→ **WORK ITEM**:
For the entries below, print exactly the lines between the line holding "#57=DIRECTION('',(-1.,0.,0.));" and the line holding "#64=ORIENTED_EDGE('',*,*,#63,.F.);", inclusive, and nothing else.

━━━ EXERCISE INPUT ━━━

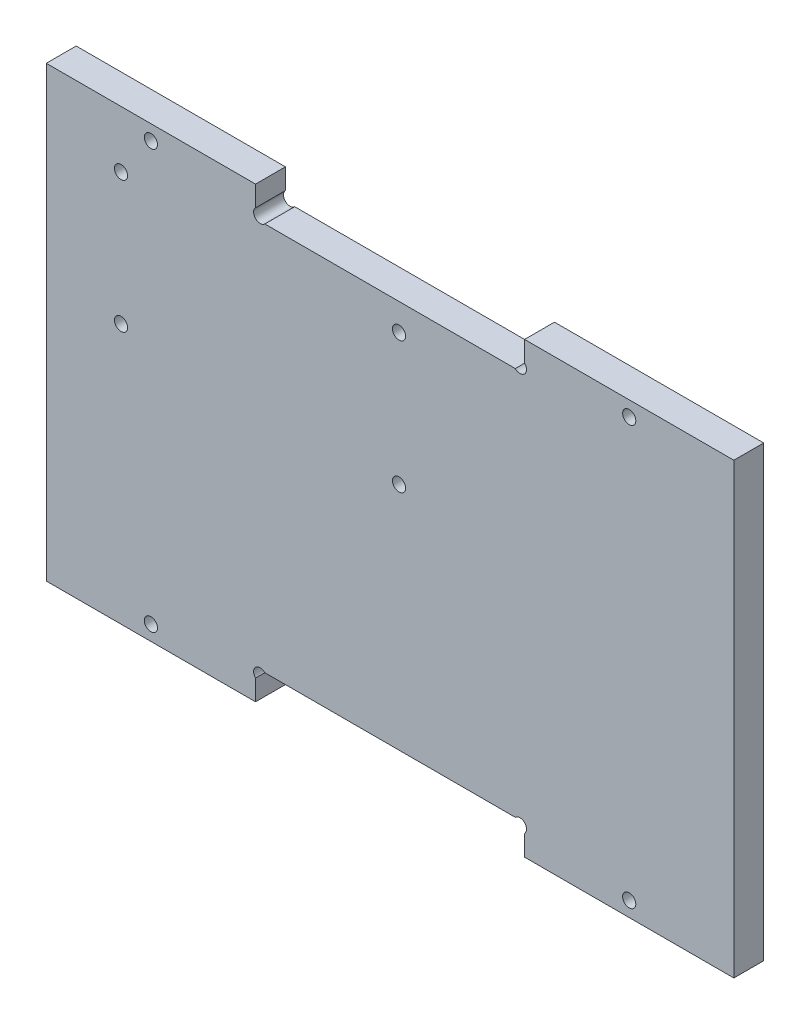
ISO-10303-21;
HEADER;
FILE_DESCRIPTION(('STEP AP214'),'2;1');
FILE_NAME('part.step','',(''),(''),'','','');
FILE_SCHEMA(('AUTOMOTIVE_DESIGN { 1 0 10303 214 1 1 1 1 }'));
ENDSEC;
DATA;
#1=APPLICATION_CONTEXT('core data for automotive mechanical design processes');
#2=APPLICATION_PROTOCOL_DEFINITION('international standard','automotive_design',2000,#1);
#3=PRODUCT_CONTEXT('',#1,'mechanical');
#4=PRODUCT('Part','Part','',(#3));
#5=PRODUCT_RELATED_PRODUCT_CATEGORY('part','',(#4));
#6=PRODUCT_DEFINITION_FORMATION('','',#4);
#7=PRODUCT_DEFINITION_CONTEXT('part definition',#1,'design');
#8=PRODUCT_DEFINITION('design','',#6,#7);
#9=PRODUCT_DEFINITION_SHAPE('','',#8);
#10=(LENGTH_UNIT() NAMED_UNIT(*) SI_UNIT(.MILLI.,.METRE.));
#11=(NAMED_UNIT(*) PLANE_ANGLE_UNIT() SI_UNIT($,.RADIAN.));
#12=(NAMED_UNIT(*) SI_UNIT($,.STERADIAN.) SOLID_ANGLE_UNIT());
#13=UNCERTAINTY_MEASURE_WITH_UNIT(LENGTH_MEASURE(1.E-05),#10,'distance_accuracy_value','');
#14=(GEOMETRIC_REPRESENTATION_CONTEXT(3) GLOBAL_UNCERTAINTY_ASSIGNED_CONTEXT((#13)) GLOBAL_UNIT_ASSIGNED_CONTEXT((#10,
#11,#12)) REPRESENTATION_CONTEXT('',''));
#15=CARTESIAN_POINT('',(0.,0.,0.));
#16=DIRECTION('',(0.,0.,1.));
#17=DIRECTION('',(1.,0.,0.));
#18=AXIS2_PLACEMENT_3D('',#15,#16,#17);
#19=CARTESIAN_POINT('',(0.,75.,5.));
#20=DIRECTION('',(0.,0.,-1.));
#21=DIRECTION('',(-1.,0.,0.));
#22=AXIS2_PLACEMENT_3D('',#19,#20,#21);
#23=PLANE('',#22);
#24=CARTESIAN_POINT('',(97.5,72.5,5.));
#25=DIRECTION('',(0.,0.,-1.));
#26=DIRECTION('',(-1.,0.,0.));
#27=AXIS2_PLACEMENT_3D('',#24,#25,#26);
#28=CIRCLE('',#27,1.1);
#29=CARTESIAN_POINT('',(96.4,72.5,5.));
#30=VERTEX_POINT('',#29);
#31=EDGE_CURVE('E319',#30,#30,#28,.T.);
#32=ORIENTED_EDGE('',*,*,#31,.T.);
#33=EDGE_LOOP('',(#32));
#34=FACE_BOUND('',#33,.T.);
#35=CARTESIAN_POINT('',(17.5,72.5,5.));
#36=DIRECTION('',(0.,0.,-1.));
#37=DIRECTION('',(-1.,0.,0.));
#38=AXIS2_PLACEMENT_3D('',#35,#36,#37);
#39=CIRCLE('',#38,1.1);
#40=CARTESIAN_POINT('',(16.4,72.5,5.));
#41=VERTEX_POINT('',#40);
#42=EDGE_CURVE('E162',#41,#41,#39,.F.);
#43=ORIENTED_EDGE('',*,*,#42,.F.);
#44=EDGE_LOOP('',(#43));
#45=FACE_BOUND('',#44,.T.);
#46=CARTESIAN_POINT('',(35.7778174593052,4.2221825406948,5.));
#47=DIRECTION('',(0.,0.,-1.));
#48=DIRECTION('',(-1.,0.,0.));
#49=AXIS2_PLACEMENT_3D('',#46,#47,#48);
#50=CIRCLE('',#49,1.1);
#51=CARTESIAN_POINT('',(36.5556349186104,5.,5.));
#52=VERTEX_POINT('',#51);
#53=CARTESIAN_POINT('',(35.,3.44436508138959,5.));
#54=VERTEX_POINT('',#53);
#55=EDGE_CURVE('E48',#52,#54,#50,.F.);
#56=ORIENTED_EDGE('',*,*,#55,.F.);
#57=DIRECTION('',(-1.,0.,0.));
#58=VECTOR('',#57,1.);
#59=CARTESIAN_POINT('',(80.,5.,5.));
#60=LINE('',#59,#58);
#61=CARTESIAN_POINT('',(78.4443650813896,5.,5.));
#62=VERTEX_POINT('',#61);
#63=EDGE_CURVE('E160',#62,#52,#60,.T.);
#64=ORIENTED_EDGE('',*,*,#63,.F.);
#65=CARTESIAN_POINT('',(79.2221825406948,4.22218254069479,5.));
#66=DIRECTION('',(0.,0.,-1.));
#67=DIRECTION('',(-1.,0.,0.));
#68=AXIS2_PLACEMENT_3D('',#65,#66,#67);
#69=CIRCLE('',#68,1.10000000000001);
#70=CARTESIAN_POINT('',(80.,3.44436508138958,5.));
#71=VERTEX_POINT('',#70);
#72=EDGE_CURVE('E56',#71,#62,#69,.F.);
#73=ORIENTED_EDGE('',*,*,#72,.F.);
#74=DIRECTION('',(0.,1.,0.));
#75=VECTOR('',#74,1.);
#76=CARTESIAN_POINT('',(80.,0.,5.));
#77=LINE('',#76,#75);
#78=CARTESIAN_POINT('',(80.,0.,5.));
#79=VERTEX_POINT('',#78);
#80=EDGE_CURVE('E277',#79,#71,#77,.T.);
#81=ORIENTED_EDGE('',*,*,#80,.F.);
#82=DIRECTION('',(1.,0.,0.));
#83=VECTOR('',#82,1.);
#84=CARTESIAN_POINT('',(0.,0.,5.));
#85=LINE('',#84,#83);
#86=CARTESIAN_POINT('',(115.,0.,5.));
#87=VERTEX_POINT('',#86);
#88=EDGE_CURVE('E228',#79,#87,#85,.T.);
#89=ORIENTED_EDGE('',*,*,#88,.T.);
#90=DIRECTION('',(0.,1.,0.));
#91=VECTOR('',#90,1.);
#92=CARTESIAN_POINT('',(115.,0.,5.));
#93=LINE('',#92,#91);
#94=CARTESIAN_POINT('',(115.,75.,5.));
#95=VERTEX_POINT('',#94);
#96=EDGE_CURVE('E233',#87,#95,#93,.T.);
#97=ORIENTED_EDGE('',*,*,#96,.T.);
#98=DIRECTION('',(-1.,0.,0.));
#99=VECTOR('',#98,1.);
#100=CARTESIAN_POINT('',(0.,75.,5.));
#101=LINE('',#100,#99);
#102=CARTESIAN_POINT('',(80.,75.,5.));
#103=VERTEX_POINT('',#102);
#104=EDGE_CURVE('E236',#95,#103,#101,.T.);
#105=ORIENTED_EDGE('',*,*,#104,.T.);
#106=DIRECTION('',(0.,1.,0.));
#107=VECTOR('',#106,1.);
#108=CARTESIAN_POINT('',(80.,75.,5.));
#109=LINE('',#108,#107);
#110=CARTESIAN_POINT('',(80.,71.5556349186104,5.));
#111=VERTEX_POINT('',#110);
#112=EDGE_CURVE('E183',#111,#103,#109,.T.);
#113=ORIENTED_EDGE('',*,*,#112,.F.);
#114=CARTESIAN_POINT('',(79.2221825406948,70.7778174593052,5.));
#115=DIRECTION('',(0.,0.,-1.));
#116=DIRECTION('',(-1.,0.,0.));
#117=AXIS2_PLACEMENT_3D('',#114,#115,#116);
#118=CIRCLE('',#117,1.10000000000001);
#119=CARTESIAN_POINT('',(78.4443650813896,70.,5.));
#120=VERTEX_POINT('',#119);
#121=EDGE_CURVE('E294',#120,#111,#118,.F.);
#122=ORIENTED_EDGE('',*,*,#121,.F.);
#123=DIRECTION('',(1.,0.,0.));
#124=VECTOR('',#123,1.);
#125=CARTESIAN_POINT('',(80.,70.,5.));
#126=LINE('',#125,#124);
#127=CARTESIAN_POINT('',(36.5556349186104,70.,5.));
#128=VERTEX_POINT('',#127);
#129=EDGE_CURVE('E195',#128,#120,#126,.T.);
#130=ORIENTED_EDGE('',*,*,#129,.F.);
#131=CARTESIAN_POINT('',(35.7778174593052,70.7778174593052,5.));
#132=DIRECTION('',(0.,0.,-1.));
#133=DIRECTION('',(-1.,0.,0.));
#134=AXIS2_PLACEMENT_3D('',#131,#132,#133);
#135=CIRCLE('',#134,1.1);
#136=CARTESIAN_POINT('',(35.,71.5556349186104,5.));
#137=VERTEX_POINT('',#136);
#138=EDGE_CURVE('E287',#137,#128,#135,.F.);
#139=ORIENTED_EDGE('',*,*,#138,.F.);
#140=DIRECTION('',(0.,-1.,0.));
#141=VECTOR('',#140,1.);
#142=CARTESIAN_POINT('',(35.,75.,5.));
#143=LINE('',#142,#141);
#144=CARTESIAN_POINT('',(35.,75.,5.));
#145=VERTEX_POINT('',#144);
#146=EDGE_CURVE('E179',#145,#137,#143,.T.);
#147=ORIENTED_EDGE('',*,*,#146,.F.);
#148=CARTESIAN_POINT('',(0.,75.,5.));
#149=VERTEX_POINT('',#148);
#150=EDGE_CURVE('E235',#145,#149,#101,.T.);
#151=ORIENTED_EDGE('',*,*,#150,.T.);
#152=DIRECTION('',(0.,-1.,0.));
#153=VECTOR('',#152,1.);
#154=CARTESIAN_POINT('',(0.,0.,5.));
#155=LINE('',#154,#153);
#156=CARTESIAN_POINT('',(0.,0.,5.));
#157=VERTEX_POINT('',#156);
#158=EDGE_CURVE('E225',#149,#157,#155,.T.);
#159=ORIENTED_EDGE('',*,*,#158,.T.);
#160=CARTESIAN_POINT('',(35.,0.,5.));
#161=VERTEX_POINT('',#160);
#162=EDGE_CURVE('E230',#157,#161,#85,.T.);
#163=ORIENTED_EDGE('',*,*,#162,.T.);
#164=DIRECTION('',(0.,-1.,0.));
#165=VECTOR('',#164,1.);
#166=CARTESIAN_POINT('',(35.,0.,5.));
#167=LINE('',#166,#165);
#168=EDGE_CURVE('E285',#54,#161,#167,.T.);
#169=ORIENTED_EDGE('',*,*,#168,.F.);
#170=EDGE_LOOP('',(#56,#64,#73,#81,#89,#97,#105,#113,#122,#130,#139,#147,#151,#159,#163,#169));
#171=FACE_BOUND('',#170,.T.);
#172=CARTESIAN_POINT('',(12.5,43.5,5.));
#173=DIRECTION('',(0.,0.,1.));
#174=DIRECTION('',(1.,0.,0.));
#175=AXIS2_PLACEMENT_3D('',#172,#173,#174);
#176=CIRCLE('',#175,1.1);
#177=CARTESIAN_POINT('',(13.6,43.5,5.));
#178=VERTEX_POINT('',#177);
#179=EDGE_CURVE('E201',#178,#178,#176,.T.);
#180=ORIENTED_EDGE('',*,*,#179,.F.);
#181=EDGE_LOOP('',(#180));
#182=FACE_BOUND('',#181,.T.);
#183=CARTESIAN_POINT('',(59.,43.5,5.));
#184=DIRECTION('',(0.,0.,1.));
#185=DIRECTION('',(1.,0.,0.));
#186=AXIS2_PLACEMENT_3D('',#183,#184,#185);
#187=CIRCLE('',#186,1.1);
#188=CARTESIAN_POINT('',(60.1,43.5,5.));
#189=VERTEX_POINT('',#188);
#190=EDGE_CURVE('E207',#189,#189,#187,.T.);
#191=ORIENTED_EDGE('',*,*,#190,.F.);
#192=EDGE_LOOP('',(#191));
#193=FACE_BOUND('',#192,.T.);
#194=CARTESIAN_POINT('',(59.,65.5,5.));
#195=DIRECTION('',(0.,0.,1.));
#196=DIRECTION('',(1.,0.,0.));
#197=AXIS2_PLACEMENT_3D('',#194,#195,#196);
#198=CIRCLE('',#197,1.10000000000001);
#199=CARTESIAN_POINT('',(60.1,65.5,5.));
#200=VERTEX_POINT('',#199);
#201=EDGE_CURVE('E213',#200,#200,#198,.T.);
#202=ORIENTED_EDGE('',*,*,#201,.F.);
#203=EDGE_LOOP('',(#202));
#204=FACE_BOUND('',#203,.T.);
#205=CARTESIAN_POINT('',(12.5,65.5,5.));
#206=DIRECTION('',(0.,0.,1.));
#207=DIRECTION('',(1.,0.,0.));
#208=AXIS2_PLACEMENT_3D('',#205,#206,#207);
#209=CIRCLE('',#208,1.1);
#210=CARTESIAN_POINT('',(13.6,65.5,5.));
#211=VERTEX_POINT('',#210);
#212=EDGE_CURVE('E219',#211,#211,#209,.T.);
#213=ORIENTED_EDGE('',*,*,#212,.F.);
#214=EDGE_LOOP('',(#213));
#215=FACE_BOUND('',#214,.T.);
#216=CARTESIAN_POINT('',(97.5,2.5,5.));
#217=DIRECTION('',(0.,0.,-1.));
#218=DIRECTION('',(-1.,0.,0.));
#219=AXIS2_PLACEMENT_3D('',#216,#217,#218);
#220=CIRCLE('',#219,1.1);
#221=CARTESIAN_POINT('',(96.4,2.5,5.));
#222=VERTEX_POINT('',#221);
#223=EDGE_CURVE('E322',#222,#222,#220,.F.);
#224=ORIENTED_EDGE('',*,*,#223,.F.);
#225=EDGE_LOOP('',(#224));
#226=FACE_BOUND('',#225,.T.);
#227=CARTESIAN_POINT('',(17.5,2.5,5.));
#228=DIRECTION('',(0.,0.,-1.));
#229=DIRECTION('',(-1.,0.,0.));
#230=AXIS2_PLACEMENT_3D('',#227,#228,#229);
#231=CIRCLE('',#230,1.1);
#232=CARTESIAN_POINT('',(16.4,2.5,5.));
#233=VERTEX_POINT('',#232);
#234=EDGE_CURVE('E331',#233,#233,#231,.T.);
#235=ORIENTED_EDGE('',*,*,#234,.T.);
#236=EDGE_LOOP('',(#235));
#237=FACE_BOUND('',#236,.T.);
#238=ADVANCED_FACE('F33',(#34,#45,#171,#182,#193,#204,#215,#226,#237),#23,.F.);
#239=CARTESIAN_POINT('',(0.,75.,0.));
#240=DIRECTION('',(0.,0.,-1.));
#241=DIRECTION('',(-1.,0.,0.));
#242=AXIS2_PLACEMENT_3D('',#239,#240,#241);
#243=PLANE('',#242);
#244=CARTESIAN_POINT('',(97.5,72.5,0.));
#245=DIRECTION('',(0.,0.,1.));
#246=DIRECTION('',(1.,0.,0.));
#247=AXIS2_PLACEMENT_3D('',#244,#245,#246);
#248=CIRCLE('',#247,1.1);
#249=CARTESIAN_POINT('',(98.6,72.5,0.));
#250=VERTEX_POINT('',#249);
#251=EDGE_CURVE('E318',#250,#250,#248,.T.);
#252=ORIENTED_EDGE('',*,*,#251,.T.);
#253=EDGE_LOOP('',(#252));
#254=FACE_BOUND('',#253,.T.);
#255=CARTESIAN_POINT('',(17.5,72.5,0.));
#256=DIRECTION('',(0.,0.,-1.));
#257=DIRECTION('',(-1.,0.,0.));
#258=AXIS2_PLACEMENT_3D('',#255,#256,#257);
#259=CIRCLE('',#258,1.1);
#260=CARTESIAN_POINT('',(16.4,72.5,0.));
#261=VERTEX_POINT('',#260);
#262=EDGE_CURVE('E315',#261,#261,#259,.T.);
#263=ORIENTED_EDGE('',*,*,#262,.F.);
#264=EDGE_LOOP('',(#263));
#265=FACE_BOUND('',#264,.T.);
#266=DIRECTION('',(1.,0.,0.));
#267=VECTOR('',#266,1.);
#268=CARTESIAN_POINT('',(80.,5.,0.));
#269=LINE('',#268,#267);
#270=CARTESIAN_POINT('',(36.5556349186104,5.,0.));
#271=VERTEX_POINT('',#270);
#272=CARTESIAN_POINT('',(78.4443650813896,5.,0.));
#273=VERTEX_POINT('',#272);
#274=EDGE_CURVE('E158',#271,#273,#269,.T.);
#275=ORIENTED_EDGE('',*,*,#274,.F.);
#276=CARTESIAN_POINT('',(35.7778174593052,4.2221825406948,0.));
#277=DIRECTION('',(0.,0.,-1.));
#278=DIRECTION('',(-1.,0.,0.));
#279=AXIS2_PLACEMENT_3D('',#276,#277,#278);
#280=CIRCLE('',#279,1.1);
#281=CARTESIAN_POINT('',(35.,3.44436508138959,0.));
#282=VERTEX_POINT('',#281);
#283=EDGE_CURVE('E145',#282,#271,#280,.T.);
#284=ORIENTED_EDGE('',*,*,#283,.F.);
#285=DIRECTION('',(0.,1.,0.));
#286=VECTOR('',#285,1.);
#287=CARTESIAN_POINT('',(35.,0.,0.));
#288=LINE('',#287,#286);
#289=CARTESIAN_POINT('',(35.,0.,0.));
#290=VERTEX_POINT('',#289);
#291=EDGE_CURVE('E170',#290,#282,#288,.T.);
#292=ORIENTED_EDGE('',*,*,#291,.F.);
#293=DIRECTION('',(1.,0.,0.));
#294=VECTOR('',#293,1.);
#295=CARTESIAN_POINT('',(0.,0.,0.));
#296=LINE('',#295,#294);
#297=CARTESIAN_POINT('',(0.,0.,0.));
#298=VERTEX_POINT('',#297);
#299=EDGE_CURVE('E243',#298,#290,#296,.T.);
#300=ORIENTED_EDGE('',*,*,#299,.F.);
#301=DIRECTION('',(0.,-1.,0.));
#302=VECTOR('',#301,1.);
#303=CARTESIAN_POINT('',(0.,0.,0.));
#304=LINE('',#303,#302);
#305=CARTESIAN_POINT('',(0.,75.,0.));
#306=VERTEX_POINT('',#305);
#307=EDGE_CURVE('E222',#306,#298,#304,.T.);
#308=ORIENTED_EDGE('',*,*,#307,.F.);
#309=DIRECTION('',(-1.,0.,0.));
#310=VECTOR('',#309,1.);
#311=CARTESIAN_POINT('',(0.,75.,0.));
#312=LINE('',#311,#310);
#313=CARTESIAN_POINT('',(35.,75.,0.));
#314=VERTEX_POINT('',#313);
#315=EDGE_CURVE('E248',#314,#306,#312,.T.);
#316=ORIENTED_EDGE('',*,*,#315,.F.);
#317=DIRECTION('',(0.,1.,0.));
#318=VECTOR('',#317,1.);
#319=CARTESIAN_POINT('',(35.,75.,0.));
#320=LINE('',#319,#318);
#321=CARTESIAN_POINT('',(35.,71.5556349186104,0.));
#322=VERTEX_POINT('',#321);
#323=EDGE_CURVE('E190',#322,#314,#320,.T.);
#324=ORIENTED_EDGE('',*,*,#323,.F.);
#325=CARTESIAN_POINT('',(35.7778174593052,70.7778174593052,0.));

━━━

→ **SOLUTION FOR THIS EXERCISE**:
#57=DIRECTION('',(-1.,0.,0.));
#58=VECTOR('',#57,1.);
#59=CARTESIAN_POINT('',(80.,5.,5.));
#60=LINE('',#59,#58);
#61=CARTESIAN_POINT('',(78.4443650813896,5.,5.));
#62=VERTEX_POINT('',#61);
#63=EDGE_CURVE('E160',#62,#52,#60,.T.);
#64=ORIENTED_EDGE('',*,*,#63,.F.);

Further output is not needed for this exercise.